Obamas host state dinner for South Korea President Lee Myung-bak (PHOTOS)

GlobalPost

When you have something to celebrate, what better way to throw down than with an official state dinner?

The state dinner for South Korea President Lee Myung-bak and First Lady Kim Yoon-ok on Oct. 13 was certainly well-timed, with Congress having approved a much-delayed free trade agreement between the U.S and South Korea the day before.

“A new chapter in our relationship has opened. Our relationship has become stronger,” Lee said in an address to a joint meeting of Congress on Thursday afternoon, ABC News reports. “We invest in you and you invest in us because we are interdependent. When we trade together, we grow together. When we build together, we rise together. And when we work together, we win together.”
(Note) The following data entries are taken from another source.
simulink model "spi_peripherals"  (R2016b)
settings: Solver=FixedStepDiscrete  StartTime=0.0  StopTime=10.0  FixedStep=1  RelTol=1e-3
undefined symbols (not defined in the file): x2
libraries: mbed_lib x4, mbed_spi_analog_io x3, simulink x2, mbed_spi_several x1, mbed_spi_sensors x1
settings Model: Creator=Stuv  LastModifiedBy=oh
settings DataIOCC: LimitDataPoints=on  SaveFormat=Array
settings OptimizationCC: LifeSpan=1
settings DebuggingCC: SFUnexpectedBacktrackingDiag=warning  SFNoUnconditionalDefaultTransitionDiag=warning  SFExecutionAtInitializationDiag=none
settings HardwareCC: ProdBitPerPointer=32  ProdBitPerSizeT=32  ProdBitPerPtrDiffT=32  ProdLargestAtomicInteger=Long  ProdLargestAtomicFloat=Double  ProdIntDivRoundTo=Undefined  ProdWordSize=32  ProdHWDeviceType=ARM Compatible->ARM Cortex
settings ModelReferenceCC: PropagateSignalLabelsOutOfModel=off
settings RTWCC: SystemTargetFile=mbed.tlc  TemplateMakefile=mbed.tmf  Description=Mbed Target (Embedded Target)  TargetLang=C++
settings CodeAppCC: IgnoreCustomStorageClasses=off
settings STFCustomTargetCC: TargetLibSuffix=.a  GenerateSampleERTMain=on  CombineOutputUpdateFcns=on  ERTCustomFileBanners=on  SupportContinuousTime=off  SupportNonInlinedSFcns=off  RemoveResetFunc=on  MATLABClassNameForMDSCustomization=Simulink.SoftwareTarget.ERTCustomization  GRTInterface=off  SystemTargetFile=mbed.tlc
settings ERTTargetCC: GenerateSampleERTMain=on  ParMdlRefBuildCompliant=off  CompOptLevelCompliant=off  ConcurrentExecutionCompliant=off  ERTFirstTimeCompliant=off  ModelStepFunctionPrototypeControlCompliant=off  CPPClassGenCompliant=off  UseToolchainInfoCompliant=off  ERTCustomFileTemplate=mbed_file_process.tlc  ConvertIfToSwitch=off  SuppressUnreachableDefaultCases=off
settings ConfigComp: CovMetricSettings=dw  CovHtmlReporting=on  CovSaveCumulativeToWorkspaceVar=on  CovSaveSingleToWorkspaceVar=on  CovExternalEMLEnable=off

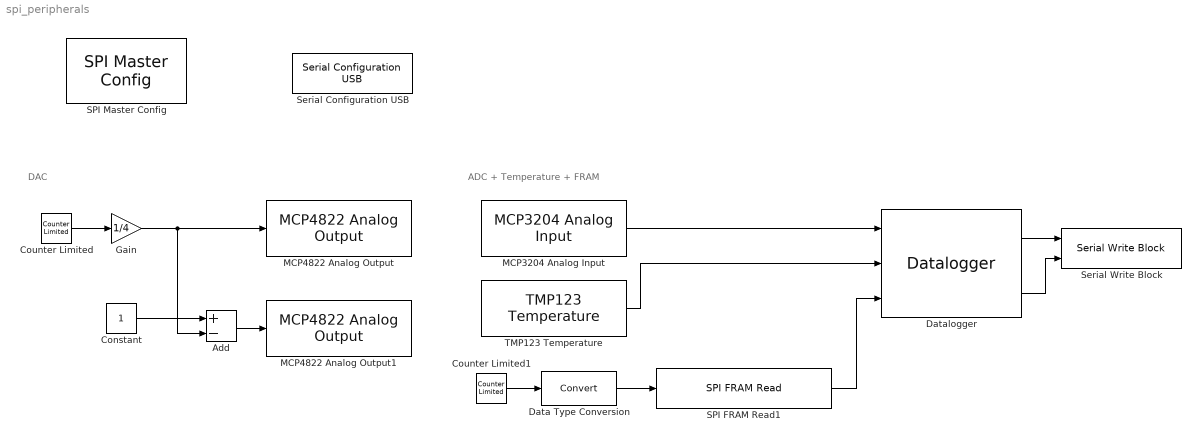
== system spi_peripherals ==
  note: DAC
  note: ADC + Temperature + FRAM
  Add : Sum  Inputs=+-
  Constant : Constant  OutDataTypeStr=single
  Counter Limited : simulink/Sources/Counter Limited  uplimit=4  tsamp=-1
  Counter Limited1 : simulink/Sources/Counter Limited  uplimit=12  tsamp=-1
  Data Type Conversion : DataTypeConversion
  Datalogger : mbed_lib/Utilities/Datalogger  TypeInputPorts={ 'single' 1 'single' 1 'uint8' 1 }  TypeOfInputs={'1*single','1*single','1*uint8'}  BufferSize=40  errEn=off  SampleTime=-1
  Gain : Gain  Gain=1/4  OutDataTypeStr=single
  MCP3204 Analog Input : mbed_spi_analog_io/MCP3204 Analog Input  SpiPort=1  CsPort=A  CsPin=12  Channel=1  Mode=relative  InputType=Single ended  SampleTime=-1
  MCP4822 Analog Output : mbed_spi_analog_io/MCP4822 Analog Output  SpiPort=1  CsPort=A  CsPin=11  Channel=A  Mode=relative  Gain=x2  SampleTime=-1
  MCP4822 Analog Output1 : mbed_spi_analog_io/MCP4822 Analog Output  SpiPort=1  CsPort=A  CsPin=11  Channel=B  Mode=relative  Gain=x2  SampleTime=-1
  SPI FRAM Read1 : mbed_spi_several/SPI FRAM Read  SpiPort=1  CsPort=A  CsPin=0
  SPI Master Config : mbed_lib/Serial/SPI/SPI Master Config  Priority=0  SPIPort=1  Freq=100000  Mode=0  Bits=8  MOSIPortNameShow=A  MOSIPortName=0  MOSIPinNumber=7  MISOPortNameShow=A  MISOPortName=0  MISOPinNumber=6  SCLKPortName=A  Parameter13=0  SCLKPinNumber=5
  Serial Configuration USB : mbed_lib/Serial/UART/Serial Configuration USB  BaudRate=9600
  Serial Write Block : mbed_lib/Serial/UART/Serial Write Block  SerialPort=USB  numData=on  SampleTime=-1
  TMP123 Temperature : mbed_spi_sensors/TMP123 Temperature  SpiPort=1  CsPort=B  CsPin=11  SampleTime=-1
  wires:
  Datalogger/1 -> Serial Write Block/1
  Datalogger/2 -> Serial Write Block/2
  MCP3204 Analog Input/1 -> Datalogger/1
  TMP123 Temperature/1 -> Datalogger/2
  Counter Limited/1 -> Gain/1
  Gain/1 -> MCP4822 Analog Output/1, Add/2
  Constant/1 -> Add/1
  Add/1 -> MCP4822 Analog Output1/1
  SPI FRAM Read1/1 -> Datalogger/3
  Counter Limited1/1 -> Data Type Conversion/1
  Data Type Conversion/1 -> SPI FRAM Read1/1

Thursday’s dinner was only the fifth state dinner the Obamas have hosted at the White House, the Chicago Sun-Times reports, though they’ve been on a bit of an entertaining kick this year. The Obamas wined and dined India’s Prime Minister Manmohan Singh in November 2009, followed by Mexico’s President Felipe Calderón in 2010, China’s President Hu Jintao in January and Germany's Chancellor Angela Merkel in June.

State dinners are serious business, Mary Mel French, who was President Bill Clinton’s chief of protocol, told the Washington Post. “The dinner showcases America,” she said. “Not only from the diplomatic viewpoint, but artists and writers and actors and scholars and other people in America that all have a part in the country.”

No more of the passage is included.